August 31, 2007 1 Comment
Last night I had a conversation with a colleague who is setting up a set of MySQL servers, he was specifically asking me about replication, so I came up with a bullet list of items. No great revelations and there is still a lot of work to be done to get some of these ideas going, but it is starting point:
- Masters and slaves should be the same machine types. There is a temptation to take your best machines and make them the master. You don’t want to do that because your slaves will become masters at some point.
- The slaves should only be used for replication, not for reading. This is important because putting any load on a slave might very well slow down replication which will cause problems if you need to turn the slave into a master and it is behind the (now defunct) master.
- MySQL permissions on the slave should be set to read-only until you need to use it as a master. This will prevent ‘bozo’ events where an errant application updates data on a slave.
- Create a system to promote a slave to a master automatically should the master die. Rebuilding a master can be very painful (been there, done that,) and it is much easier to create a new slave.
- Create a system to create a new slave from a master, MySQL has some support for that, but you may need to create your own solution.
- If your system is composed of shards/segments/slices, create a system to move them around as need be. It is not uncommon to put multiple shards/segments/slices on a single server to start with, but you need to be able to move them around easily as the quantity of data grows.
- Use the Google MySQL tools, this will ensure that data is copied to the slave before it is committed on the master.

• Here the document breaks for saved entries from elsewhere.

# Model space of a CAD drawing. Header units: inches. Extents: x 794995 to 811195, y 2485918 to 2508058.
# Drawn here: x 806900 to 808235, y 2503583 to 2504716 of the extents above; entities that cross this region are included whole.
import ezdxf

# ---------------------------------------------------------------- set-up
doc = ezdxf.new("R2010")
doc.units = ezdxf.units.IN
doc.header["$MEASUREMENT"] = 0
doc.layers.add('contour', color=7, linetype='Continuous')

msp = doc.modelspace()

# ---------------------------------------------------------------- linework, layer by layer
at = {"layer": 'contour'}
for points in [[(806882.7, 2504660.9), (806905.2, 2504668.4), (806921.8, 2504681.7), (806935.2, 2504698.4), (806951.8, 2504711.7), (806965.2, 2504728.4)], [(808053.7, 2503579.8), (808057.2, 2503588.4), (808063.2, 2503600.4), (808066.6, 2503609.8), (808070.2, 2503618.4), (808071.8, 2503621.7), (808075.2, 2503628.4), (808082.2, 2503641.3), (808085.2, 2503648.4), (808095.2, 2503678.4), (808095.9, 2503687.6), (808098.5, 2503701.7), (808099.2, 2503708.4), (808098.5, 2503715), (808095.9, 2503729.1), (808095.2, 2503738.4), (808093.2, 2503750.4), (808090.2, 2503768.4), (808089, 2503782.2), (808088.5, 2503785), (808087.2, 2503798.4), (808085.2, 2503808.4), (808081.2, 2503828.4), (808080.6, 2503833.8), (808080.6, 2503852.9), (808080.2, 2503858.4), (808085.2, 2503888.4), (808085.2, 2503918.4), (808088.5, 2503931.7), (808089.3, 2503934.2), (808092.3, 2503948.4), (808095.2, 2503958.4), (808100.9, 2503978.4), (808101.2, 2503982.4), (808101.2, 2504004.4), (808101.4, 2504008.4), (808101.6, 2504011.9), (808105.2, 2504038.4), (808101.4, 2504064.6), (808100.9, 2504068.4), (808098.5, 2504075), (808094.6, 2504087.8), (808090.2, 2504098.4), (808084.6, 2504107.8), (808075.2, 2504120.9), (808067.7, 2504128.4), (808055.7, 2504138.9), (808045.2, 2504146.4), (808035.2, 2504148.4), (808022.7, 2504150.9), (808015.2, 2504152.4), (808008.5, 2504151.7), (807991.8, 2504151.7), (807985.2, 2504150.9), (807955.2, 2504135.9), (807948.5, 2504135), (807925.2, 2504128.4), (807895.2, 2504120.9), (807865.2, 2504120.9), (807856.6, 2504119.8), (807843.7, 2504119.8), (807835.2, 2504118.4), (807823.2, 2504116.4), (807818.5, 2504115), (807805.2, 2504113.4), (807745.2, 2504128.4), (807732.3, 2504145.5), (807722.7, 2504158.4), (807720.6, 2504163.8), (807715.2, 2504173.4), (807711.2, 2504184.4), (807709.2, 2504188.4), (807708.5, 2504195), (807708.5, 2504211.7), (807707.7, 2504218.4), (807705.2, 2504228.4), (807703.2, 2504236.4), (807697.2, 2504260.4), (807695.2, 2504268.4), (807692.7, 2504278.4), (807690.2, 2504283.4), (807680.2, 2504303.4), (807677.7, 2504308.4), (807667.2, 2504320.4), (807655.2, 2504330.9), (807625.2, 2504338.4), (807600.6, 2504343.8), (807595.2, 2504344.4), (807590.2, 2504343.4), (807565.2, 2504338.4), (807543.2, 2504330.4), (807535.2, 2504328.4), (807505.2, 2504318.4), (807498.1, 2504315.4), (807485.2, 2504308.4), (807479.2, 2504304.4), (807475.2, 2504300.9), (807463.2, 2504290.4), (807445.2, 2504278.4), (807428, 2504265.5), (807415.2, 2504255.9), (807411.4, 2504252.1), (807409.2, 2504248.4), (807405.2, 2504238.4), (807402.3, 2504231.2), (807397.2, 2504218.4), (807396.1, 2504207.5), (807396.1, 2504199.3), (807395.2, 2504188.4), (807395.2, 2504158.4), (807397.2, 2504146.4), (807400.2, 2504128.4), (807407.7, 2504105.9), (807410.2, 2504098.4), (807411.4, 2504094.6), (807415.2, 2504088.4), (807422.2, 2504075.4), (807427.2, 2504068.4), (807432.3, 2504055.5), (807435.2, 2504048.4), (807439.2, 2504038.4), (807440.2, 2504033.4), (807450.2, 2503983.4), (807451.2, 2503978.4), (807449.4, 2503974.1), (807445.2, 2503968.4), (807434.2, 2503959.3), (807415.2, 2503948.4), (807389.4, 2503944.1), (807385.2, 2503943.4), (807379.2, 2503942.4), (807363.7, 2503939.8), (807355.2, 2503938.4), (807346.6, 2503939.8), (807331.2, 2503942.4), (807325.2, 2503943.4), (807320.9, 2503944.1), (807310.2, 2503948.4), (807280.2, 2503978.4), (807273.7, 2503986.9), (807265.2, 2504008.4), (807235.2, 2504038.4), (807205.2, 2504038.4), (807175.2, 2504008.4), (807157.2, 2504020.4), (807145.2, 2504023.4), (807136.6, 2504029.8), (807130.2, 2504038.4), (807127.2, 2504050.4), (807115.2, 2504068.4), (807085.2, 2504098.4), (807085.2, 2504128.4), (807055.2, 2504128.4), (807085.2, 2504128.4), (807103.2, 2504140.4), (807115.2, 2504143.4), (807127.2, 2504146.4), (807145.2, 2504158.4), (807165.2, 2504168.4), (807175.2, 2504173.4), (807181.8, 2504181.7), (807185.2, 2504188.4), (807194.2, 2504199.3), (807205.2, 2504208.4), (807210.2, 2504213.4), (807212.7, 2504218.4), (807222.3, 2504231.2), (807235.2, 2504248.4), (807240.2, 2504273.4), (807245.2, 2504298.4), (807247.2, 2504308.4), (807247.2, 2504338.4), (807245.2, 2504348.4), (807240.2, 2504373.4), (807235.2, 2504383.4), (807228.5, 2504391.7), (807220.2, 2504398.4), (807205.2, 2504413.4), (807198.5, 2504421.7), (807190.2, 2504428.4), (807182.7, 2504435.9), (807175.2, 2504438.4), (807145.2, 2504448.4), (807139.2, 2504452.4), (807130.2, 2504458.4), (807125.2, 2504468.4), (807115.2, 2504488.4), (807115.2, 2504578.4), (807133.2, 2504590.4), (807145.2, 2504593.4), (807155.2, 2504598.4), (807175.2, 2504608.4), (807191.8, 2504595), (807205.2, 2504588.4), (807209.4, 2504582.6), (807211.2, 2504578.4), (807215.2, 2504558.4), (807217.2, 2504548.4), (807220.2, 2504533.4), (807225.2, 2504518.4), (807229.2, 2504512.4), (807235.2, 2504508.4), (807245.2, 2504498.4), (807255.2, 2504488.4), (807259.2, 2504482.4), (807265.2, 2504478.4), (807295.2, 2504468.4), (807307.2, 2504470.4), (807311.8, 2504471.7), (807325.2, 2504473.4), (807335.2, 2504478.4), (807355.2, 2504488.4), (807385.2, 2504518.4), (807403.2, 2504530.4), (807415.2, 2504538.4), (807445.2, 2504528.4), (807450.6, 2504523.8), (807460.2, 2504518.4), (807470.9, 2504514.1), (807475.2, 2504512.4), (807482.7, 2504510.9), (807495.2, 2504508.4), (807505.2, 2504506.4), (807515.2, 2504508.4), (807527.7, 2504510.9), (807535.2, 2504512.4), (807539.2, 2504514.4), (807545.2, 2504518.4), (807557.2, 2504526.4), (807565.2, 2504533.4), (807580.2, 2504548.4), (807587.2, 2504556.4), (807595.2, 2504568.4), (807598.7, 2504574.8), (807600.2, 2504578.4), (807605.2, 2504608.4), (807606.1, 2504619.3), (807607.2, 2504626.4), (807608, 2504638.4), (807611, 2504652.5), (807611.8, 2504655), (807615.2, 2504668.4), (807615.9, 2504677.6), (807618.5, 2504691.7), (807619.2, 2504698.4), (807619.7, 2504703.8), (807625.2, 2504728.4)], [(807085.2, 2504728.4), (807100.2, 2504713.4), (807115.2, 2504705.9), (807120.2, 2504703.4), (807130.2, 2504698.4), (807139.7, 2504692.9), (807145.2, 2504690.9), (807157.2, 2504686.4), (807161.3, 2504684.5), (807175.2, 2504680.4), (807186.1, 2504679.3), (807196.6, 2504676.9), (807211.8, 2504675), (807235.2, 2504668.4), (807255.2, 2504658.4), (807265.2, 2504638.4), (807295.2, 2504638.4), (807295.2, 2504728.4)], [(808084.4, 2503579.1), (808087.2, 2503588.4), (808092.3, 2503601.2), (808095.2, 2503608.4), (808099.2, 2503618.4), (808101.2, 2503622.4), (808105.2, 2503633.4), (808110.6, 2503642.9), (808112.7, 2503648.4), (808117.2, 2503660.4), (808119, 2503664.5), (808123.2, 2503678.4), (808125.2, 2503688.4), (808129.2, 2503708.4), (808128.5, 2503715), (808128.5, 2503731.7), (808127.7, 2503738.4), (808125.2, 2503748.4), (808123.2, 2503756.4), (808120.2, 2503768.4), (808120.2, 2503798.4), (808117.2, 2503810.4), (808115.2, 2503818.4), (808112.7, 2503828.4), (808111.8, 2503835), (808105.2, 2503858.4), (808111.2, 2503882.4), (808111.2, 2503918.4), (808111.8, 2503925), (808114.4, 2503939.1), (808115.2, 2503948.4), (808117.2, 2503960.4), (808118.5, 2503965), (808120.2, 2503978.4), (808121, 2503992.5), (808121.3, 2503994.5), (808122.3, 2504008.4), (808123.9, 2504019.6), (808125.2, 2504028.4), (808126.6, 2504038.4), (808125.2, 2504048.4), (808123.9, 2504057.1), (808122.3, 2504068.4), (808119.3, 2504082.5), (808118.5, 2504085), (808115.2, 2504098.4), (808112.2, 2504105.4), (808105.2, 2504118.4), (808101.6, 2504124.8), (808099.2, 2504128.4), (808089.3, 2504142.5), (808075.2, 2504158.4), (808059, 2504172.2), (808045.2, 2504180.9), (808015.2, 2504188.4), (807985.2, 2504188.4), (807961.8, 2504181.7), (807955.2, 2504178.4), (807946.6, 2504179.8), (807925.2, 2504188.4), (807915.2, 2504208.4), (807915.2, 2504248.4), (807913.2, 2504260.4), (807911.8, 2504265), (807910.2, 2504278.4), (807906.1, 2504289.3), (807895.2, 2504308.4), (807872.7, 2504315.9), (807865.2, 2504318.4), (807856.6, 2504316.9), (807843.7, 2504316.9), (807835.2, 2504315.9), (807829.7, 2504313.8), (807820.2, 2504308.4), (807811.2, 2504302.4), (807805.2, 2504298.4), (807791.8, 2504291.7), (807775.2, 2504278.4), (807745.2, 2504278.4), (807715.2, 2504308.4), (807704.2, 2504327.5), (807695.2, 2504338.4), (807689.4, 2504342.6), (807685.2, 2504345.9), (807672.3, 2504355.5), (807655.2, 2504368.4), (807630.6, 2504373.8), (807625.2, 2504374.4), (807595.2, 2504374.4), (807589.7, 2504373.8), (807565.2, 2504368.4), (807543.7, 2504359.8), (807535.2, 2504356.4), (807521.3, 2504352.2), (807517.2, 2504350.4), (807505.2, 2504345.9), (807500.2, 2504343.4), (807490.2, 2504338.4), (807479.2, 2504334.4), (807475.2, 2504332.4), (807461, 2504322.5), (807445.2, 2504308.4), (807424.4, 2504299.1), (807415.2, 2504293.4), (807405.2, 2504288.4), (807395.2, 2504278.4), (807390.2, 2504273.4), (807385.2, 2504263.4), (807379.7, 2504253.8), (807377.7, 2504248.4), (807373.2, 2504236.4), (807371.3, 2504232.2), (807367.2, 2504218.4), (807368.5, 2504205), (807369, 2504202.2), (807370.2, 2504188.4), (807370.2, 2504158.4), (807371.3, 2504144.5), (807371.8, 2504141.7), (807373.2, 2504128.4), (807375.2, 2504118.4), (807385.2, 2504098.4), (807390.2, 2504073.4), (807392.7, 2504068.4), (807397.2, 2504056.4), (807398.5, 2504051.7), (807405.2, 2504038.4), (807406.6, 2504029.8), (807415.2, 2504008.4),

- I would recommend using MySQL 5.0.x or 5.1.x. The latter has support for row based replication which is supposedly faster than statement based replication, though I don’t know how stable 5.1.x is, it was not stable when I last tested it in december last year, but I am sure that has changed since then.
- Make sure that you do not put too much data on the servers, this makes recovery hell (trust me I have been there).
- The most common error with slaves is duplicate keys, where you try to insert a new row with a key which already exists, less common is data disparity were the data is different for a specific key. Both things are usually due to ‘bozo’ programming but you need to be able to handle that.
- Finally make sure that you have a sensible numbering systems for the servers, the best idea is to derive the number from the IP address so you don’t even need to think about it.